I’ve also sat in rooms at one of those massive consumer brands, the one with consumer data, including sensitive data, marketing data, and employee data across a dozen countries, and heard the identical sentiment in reverse. They look at the smaller company and think it must be so much simpler over there. Fewer systems, fewer laws to track.
Different Rooms, Same Instinct
Both of them are looking at each other with a little jealousy. Both are a little bit right, and both are missing the point. The mid-size company with limited personal data doesn’t need the same infrastructure as the global brand managing sensitive data across multiple countries and business lines. But simpler doesn’t mean solved. The mid-size company still has real obligations tied to the data it collects, and the global brand’s scale doesn’t mean its program translates cleanly to a company a fraction its size, even if its tools look impressive from the outside.
Rightsizing Your Program
The same lesson applies to both of these companies (and maybe yours too). Stop measuring your program against someone else’s program.

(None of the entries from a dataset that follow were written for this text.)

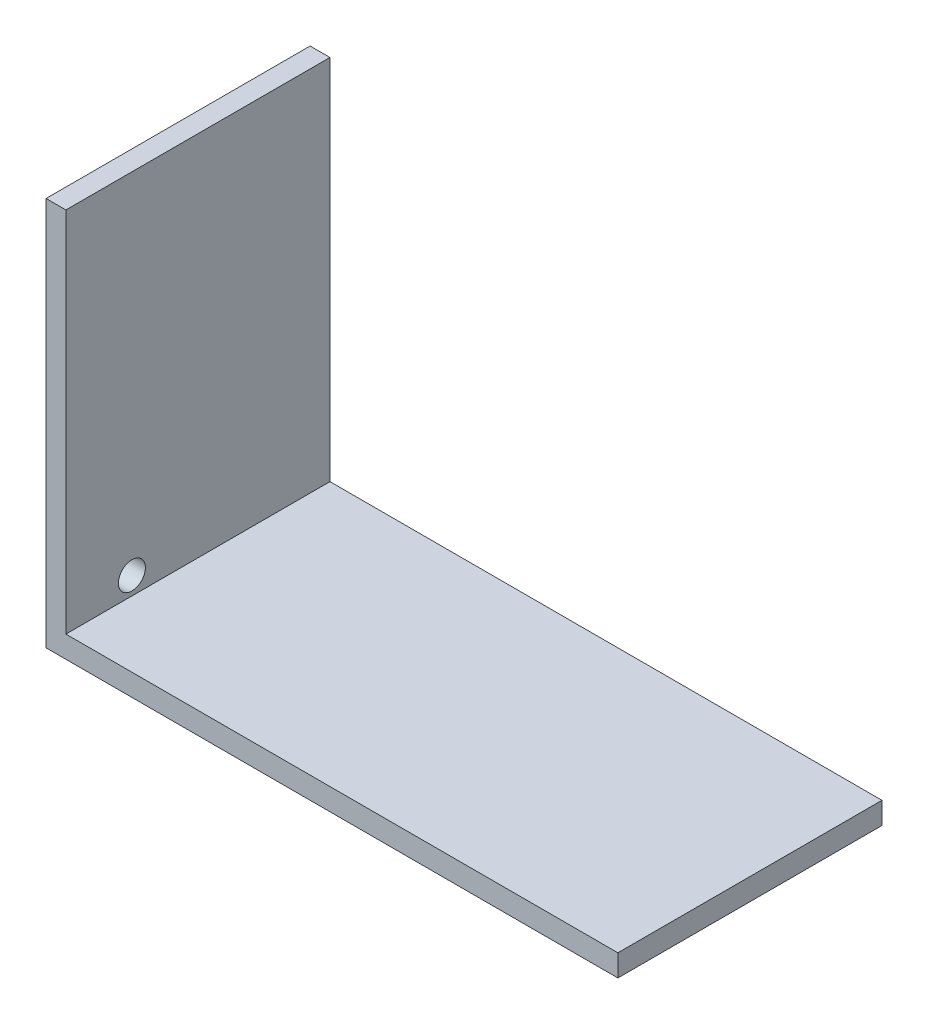
from build123d import *

# Parameters (mm, degrees)
SKETCH1_W            = 69.5
SKETCH1_H            = 33.25
BOSS_EXTRUDE1_DEPTH  = 2.75
SKETCH2_W            = 33.25
SKETCH2_H            = 49
BOSS_EXTRUDE2_DEPTH  = 2.5
M3_CLEARANCE_HOLE1_D = 3.4


with BuildPart() as part:
    # Sketch1 → Boss-Extrude1 (new body)
    with BuildSketch(Plane(origin=(0, 0, 0), x_dir=(1, 0, 0), z_dir=(0, 1, 0))):
        with Locations((31.075, 14.125)):
            Rectangle(SKETCH1_W, SKETCH1_H)
    extrude(amount=BOSS_EXTRUDE1_DEPTH)

    # Sketch2 → Boss-Extrude2 (add)
    with BuildSketch(Plane.ZY.offset(3.675)):
        with Locations((-14.125, 24.5)):
            Rectangle(SKETCH2_W, SKETCH2_H)
    extrude(amount=BOSS_EXTRUDE2_DEPTH)

    # M3 Clearance Hole1 (through all)
    with Locations(Plane.ZY.offset(6.175)):
        with Locations((-5.8125, 5)):
            Hole(M3_CLEARANCE_HOLE1_D / 2)


solid = part.part

A small company with more sensitive data might actually carry greater privacy risk than a larger company handling mostly basic consumer data. Both need programs that comply with applicable laws. What the program looks like should be rightsized to the risk of the company, which is based on the type of personal data processed and not the size of the logo.
A mature privacy program isn’t defined by how much it has. It’s defined by how well it fits the risk, the data, and the resources of the business it belongs to.

I’ve worked with clients who felt like they were falling short because they didn’t have automated privacy rights tooling or a dedicated privacy engineering function. They weren’t falling short. They were running a program sized correctly for a business with a narrow data footprint.
I’ve also worked with the opposite, companies convinced they were overbuilt because a peer their size seemed to be running lean and getting by fine. They weren’t overbuilt either. Handling sensitive data across a dozen countries and a dozen business units is a different job than handling names and email addresses for a regional customer base, even if the headcount looks similar on paper.
Some companies need fancy automation. Some don’t. Some need privacy engineers. Others aren’t a software-driven business and get by fine on basic business applications. It’s a matter of knowing what’s actually right for your organization, not what looks right from the outside.
I do recommend finding privacy friends to compare notes with, because privacy is hard and this work can feel isolating without people who understand it. Just don’t compare and wish you had a fairy wand for their program. It might not even be relevant to yours.
Learn From Others, Don’t Copy Them
It’s the same thing I see in careers. In-house, solo, agency, staying put a little longer, there isn’t a version of that decision that’s right for everyone. The right one is the one that fits what a person actually needs and values right now, not the one that looks most impressive from the outside.
For me, that’s time. It took a hospital room thirteen years ago to make that clear, and how I looked at my career changed after it. For someone else, it might be depth of expertise, or financial security, or building something with their name on it, or simply staying somewhere steady while other parts of life take priority. None of those are lesser answers. They’re just different answers to the same question: what actually matters to you right now?
Whether it’s a career change or building a program, learn from others to inform your thinking and focus on what’s best for you, or for the company.